How to complete this task:
Across the lines of the records below, how many have the string "CityJSON" in them? Answer with the number alone.

Given information:
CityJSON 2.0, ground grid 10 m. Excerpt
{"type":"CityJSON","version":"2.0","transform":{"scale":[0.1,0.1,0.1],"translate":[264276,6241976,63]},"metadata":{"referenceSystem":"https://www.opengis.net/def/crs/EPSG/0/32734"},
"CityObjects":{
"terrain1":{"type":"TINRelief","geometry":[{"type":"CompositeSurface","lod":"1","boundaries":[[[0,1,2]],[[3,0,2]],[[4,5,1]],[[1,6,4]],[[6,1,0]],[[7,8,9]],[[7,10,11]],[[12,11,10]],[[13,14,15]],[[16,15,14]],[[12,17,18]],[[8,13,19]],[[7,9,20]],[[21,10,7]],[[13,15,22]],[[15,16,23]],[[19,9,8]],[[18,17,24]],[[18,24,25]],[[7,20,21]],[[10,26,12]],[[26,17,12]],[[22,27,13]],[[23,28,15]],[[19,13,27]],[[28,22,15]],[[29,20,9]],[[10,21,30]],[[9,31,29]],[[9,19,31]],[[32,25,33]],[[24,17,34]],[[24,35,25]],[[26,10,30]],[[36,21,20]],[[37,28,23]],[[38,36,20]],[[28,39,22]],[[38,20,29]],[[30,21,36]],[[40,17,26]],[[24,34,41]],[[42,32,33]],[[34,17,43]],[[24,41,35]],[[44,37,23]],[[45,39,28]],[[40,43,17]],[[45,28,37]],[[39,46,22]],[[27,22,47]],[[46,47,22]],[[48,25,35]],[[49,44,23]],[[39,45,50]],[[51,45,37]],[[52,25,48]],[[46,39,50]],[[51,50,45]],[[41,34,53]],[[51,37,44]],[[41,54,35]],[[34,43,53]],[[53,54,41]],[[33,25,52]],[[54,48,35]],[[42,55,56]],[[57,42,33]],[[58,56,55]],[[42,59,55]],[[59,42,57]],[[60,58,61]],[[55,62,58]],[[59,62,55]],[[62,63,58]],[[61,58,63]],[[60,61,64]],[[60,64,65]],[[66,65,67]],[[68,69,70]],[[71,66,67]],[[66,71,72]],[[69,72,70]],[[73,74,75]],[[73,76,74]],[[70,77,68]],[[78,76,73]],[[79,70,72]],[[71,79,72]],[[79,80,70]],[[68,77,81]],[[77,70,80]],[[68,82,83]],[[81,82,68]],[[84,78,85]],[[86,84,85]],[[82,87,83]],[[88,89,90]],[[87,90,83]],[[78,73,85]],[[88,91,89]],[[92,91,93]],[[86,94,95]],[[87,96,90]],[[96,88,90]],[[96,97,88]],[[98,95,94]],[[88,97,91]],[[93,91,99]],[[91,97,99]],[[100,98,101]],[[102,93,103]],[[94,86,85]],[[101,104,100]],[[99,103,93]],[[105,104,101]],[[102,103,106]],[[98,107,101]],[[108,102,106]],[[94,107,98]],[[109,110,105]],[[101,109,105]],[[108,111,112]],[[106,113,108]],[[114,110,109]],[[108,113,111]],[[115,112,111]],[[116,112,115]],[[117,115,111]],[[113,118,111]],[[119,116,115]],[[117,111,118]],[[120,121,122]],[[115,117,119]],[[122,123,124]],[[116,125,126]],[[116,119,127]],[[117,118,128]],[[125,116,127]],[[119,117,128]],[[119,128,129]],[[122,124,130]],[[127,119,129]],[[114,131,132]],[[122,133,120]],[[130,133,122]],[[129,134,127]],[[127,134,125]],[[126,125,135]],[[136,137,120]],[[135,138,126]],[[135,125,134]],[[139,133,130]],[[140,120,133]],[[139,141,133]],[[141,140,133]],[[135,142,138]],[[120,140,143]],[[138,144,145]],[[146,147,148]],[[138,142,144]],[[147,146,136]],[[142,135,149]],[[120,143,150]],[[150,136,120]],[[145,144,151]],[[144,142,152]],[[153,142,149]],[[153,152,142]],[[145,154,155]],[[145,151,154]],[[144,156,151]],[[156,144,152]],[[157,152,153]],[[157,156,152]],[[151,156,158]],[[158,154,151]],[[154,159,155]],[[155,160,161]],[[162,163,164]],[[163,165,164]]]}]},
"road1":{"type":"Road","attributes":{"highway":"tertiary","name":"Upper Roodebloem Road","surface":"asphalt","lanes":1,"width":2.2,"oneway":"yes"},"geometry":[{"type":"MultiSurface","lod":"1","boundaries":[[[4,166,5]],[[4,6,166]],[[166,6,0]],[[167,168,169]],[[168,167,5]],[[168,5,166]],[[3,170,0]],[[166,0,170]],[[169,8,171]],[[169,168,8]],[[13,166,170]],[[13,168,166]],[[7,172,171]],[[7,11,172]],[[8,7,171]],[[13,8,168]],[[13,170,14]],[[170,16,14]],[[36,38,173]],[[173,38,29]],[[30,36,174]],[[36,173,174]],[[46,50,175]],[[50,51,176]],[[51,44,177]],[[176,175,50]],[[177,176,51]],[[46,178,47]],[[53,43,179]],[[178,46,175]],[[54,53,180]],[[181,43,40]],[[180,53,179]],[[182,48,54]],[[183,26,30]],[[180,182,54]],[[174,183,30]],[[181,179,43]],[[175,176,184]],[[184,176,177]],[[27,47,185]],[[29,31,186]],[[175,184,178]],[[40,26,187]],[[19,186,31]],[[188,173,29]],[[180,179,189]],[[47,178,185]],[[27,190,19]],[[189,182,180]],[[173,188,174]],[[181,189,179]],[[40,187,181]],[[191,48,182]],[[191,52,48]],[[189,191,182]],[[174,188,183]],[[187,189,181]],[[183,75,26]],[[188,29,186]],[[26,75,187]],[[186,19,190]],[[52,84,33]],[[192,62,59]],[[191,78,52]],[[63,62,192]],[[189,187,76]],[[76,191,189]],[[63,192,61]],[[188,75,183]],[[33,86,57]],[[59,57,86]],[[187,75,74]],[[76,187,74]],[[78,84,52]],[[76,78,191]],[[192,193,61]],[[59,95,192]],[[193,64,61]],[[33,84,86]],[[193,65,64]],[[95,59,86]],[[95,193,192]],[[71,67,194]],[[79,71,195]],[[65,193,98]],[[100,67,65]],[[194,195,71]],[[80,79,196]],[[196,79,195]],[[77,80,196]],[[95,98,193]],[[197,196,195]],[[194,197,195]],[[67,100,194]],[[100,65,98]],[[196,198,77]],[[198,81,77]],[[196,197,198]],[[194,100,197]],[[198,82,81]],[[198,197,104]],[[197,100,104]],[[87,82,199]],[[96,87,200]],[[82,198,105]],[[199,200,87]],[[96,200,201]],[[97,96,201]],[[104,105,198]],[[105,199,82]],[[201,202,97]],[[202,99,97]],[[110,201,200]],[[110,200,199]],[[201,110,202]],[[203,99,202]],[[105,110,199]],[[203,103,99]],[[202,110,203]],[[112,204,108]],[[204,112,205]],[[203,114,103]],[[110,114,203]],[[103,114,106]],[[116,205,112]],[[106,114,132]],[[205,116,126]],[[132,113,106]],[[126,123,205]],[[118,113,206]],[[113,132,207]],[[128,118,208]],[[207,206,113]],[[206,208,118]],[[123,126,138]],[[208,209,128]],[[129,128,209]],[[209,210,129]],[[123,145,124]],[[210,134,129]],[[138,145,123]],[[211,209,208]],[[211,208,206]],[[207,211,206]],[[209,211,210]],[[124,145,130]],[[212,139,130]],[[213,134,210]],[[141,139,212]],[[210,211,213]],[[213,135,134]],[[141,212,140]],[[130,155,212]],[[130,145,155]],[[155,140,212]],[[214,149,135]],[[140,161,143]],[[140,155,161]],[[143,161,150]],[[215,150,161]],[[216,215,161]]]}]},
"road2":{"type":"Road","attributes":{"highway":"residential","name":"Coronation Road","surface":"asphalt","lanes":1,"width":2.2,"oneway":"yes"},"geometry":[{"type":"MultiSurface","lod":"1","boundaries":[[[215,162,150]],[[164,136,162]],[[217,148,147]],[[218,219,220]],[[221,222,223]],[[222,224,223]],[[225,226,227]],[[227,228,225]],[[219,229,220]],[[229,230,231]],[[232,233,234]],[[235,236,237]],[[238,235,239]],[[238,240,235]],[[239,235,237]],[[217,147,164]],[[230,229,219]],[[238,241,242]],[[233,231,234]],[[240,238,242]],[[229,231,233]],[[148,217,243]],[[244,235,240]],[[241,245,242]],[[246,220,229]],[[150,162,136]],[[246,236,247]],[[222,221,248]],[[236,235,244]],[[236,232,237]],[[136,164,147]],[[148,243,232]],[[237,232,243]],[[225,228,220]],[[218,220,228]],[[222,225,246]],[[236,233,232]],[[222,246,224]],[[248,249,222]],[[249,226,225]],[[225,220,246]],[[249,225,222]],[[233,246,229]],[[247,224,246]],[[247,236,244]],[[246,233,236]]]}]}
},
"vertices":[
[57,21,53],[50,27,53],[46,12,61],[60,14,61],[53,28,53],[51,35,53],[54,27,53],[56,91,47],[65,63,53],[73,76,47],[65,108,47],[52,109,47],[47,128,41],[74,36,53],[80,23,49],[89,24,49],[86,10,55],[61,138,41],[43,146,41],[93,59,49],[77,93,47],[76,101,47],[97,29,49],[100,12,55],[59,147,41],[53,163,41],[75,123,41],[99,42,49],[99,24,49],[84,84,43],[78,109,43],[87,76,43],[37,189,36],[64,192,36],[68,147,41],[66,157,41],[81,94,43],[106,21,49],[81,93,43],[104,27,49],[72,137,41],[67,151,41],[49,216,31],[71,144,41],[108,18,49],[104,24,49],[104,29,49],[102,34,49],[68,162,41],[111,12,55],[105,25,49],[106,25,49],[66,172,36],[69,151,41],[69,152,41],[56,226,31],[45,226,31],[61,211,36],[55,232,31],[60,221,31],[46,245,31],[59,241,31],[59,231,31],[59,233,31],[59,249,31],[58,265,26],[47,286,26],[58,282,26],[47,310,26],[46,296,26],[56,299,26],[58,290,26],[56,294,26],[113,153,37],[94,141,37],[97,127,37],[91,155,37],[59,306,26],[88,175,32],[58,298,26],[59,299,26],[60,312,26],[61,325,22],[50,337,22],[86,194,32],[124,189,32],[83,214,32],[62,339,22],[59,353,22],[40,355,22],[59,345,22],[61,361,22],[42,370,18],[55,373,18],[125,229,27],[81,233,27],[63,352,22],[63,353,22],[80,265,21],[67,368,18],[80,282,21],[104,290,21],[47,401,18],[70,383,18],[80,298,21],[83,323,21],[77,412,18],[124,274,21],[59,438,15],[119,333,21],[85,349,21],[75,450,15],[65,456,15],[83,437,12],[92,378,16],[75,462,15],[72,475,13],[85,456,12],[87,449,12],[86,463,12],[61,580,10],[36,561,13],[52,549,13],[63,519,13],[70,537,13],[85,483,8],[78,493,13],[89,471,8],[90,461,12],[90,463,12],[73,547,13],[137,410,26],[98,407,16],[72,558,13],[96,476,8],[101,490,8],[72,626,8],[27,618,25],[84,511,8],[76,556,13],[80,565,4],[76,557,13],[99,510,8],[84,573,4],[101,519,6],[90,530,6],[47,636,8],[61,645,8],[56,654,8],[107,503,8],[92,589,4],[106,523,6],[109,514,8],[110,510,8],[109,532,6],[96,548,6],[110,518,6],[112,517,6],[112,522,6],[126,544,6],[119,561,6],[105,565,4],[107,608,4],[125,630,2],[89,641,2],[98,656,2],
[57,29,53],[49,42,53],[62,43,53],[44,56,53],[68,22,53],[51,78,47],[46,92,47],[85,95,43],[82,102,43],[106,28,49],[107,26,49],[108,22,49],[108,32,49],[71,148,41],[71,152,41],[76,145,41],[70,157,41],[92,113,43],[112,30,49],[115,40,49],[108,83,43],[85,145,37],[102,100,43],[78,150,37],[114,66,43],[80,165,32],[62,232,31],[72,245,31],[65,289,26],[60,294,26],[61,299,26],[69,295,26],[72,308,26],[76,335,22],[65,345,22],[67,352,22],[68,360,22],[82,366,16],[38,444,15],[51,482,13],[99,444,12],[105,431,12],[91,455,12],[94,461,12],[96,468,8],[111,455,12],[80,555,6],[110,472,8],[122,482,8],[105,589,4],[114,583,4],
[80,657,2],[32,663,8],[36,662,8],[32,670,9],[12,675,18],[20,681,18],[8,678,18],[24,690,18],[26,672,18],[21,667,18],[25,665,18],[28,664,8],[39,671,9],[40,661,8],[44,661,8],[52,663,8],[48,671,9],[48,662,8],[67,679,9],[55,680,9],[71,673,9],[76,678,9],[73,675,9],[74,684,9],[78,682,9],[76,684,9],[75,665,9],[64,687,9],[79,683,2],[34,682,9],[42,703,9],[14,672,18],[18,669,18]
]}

Written answer:
2